INPUT DATA below:

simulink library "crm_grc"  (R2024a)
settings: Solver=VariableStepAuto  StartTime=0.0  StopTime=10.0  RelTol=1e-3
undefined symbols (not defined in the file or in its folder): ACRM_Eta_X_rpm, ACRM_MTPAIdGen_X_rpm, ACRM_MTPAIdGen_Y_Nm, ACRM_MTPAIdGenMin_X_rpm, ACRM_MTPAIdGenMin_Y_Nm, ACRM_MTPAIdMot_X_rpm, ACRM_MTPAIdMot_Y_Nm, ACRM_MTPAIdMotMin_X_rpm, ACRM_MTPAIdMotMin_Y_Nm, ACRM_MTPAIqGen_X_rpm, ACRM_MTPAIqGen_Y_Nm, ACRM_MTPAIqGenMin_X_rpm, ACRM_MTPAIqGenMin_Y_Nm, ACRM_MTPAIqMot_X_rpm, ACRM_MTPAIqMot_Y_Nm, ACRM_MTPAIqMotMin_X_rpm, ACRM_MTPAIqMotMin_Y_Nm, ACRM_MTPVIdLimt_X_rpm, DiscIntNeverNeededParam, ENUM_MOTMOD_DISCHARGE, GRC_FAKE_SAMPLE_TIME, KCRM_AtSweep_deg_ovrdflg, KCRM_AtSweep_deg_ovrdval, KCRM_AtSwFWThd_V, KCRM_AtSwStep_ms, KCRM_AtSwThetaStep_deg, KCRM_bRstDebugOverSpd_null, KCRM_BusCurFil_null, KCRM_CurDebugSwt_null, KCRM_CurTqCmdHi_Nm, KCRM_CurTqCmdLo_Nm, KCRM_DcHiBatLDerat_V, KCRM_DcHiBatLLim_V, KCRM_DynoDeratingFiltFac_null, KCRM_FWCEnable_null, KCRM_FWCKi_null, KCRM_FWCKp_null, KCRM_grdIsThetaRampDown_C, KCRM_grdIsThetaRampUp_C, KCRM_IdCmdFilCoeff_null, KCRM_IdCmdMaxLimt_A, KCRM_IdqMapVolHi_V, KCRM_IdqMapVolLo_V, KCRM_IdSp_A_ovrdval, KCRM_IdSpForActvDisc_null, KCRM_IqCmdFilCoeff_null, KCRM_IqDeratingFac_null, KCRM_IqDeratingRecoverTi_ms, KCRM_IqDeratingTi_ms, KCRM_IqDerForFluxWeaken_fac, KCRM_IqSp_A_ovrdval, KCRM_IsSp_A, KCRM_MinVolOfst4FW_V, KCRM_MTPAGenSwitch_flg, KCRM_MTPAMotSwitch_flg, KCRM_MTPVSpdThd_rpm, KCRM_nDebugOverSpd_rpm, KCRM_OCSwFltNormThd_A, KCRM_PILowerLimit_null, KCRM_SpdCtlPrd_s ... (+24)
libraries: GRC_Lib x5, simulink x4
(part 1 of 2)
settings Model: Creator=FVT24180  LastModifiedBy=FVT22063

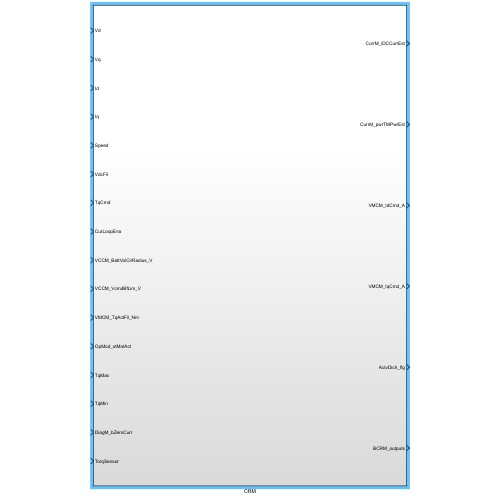
[thumbnail: Simulink's stored preview of the top-level diagram]
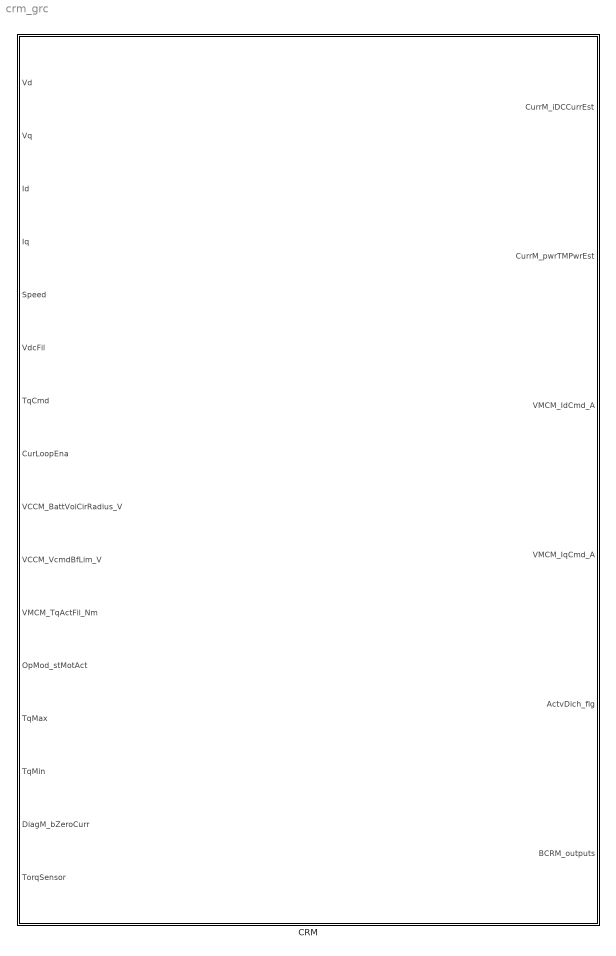
== system crm_grc ==
  CRM : Subsystem

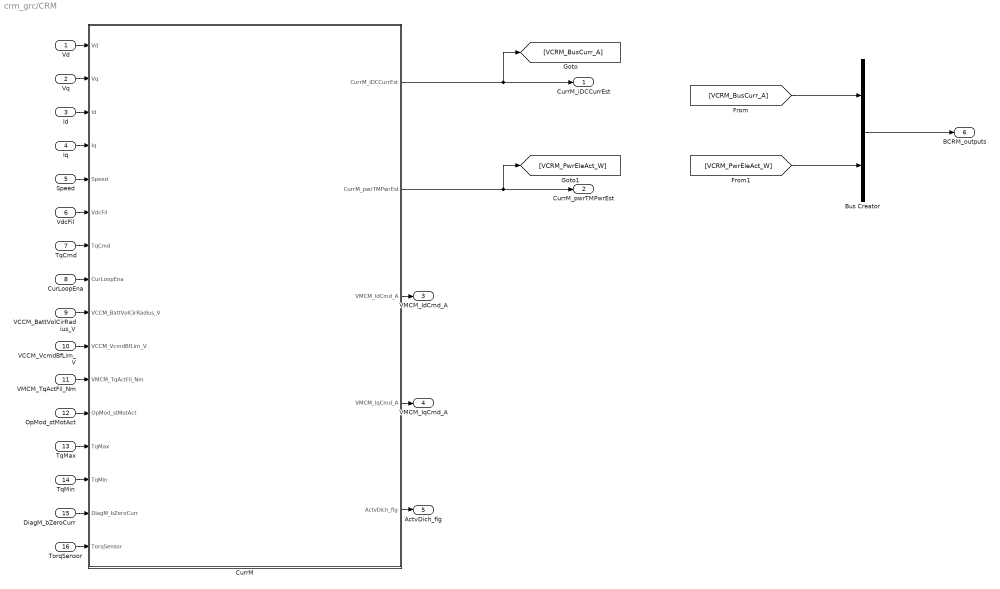
== system crm_grc/CRM ==
  "Vd " : Inport
  "Vq " : Inport  Port=2
  "Id " : Inport  Port=3
  Iq : Inport  Port=4
  "Speed " : Inport  Port=5
  "VdcFil " : Inport  Port=6
  TqCmd : Inport  Port=7
  CurLoopEna : Inport  Port=8
  VCCM_BattVolCirRadius_V : Inport  Port=9
  VCCM_VcmdBfLim_V : Inport  Port=10
  VMCM_TqActFil_Nm : Inport  Port=11
  OpMod_stMotAct : Inport  Port=12
  TqMax : Inport  Port=13
  TqMin : Inport  Port=14
  DiagM_bZeroCurr : Inport  Port=15
  "TorqSensor " : Inport  Port=16
  Bus Creator : BusCreator  Inputs=2  OutDataTypeStr=Bus: BCRM_outputs  NonVirtualBus=on
  CurrM : Subsystem
  CurrM_iDCCurrEst : Outport
  CurrM_pwrTMPwrEst : Outport  Port=2
  VMCM_IdCmd_A : Outport  Port=3
  VMCM_IqCmd_A : Outport  Port=4
  ActvDich_flg : Outport  Port=5
  BCRM_outputs : Outport  Port=6  OutDataTypeStr=Bus: BCRM_outputs
  wires:
  "Vd "/1 -> CurrM/1("Vd ")
  "Speed "/1 -> CurrM/5("Speed ")
  "Vq "/1 -> CurrM/2("Vq ")
  VCCM_VcmdBfLim_V/1 -> CurrM/10(VCCM_VcmdBfLim_V)
  CurLoopEna/1 -> CurrM/8(CurLoopEna)
  Iq/1 -> CurrM/4(Iq)
  TqMin/1 -> CurrM/14(TqMin)
  "VdcFil "/1 -> CurrM/6("VdcFil ")
  "Id "/1 -> CurrM/3("Id ")
  VMCM_TqActFil_Nm/1 -> CurrM/11(VMCM_TqActFil_Nm)
  OpMod_stMotAct/1 -> CurrM/12(OpMod_stMotAct)
  TqCmd/1 -> CurrM/7(TqCmd)
  VCCM_BattVolCirRadius_V/1 -> CurrM/9(VCCM_BattVolCirRadius_V)
  TqMax/1 -> CurrM/13(TqMax)
  CurrM/5(ActvDich_flg) -> ActvDich_flg/1
  "TorqSensor "/1 -> CurrM/16("TorqSensor ")
  DiagM_bZeroCurr/1 -> CurrM/15(DiagM_bZeroCurr)
  CurrM/4(VMCM_IqCmd_A) -> VMCM_IqCmd_A/1
  CurrM/3(VMCM_IdCmd_A) -> VMCM_IdCmd_A/1
  CurrM/1(CurrM_iDCCurrEst) -> [VCRM_BusCurr_A], CurrM_iDCCurrEst/1
  CurrM/2(CurrM_pwrTMPwrEst) -> [VCRM_PwrEleAct_W], CurrM_pwrTMPwrEst/1
  [VCRM_PwrEleAct_W] -> Bus Creator/2
  [VCRM_BusCurr_A] -> Bus Creator/1
  Bus Creator/1 -> BCRM_outputs/1

== system crm_grc/CRM/CurrM ==
  "Vd " : Inport
  "Vq " : Inport  Port=2
  "Id " : Inport  Port=3
  Iq : Inport  Port=4
  "Speed " : Inport  Port=5
  "VdcFil " : Inport  Port=6
  TqCmd : Inport  Port=7
  CurLoopEna : Inport  Port=8
  VCCM_BattVolCirRadius_V : Inport  Port=9
  VCCM_VcmdBfLim_V : Inport  Port=10
  VMCM_TqActFil_Nm : Inport  Port=11
  OpMod_stMotAct : Inport  Port=12
  TqMax : Inport  Port=13
  TqMin : Inport  Port=14
  DiagM_bZeroCurr : Inport  Port=15
  "TorqSensor " : Inport  Port=16
  EstiFun : Subsystem
  MCM : Subsystem
  CurrM_iDCCurrEst : Outport
  CurrM_pwrTMPwrEst : Outport  Port=2
  VMCM_IdCmd_A : Outport  Port=3
  VMCM_IqCmd_A : Outport  Port=4
  ActvDich_flg : Outport  Port=5
  wires:
  Iq/1 -> EstiFun/4(Iq)
  EstiFun/2(VCRM_PwrEleAct_W) -> CurrM_pwrTMPwrEst/1
  VMCM_TqActFil_Nm/1 -> MCM/6(VMCM_TqActFil_Nm)
  VCCM_BattVolCirRadius_V/1 -> MCM/4(VCCM_BattVolCirRadius_V)
  OpMod_stMotAct/1 -> MCM/7(OpMod_stMotAct)
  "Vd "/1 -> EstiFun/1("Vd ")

End of INPUT DATA.

# ABOUT THIS TASK:
Could you copy every line in the records that holds "Subsystem"?

# PROBLEM SOLUTION:
  CRM : Subsystem
  CurrM : Subsystem
  EstiFun : Subsystem
  MCM : Subsystem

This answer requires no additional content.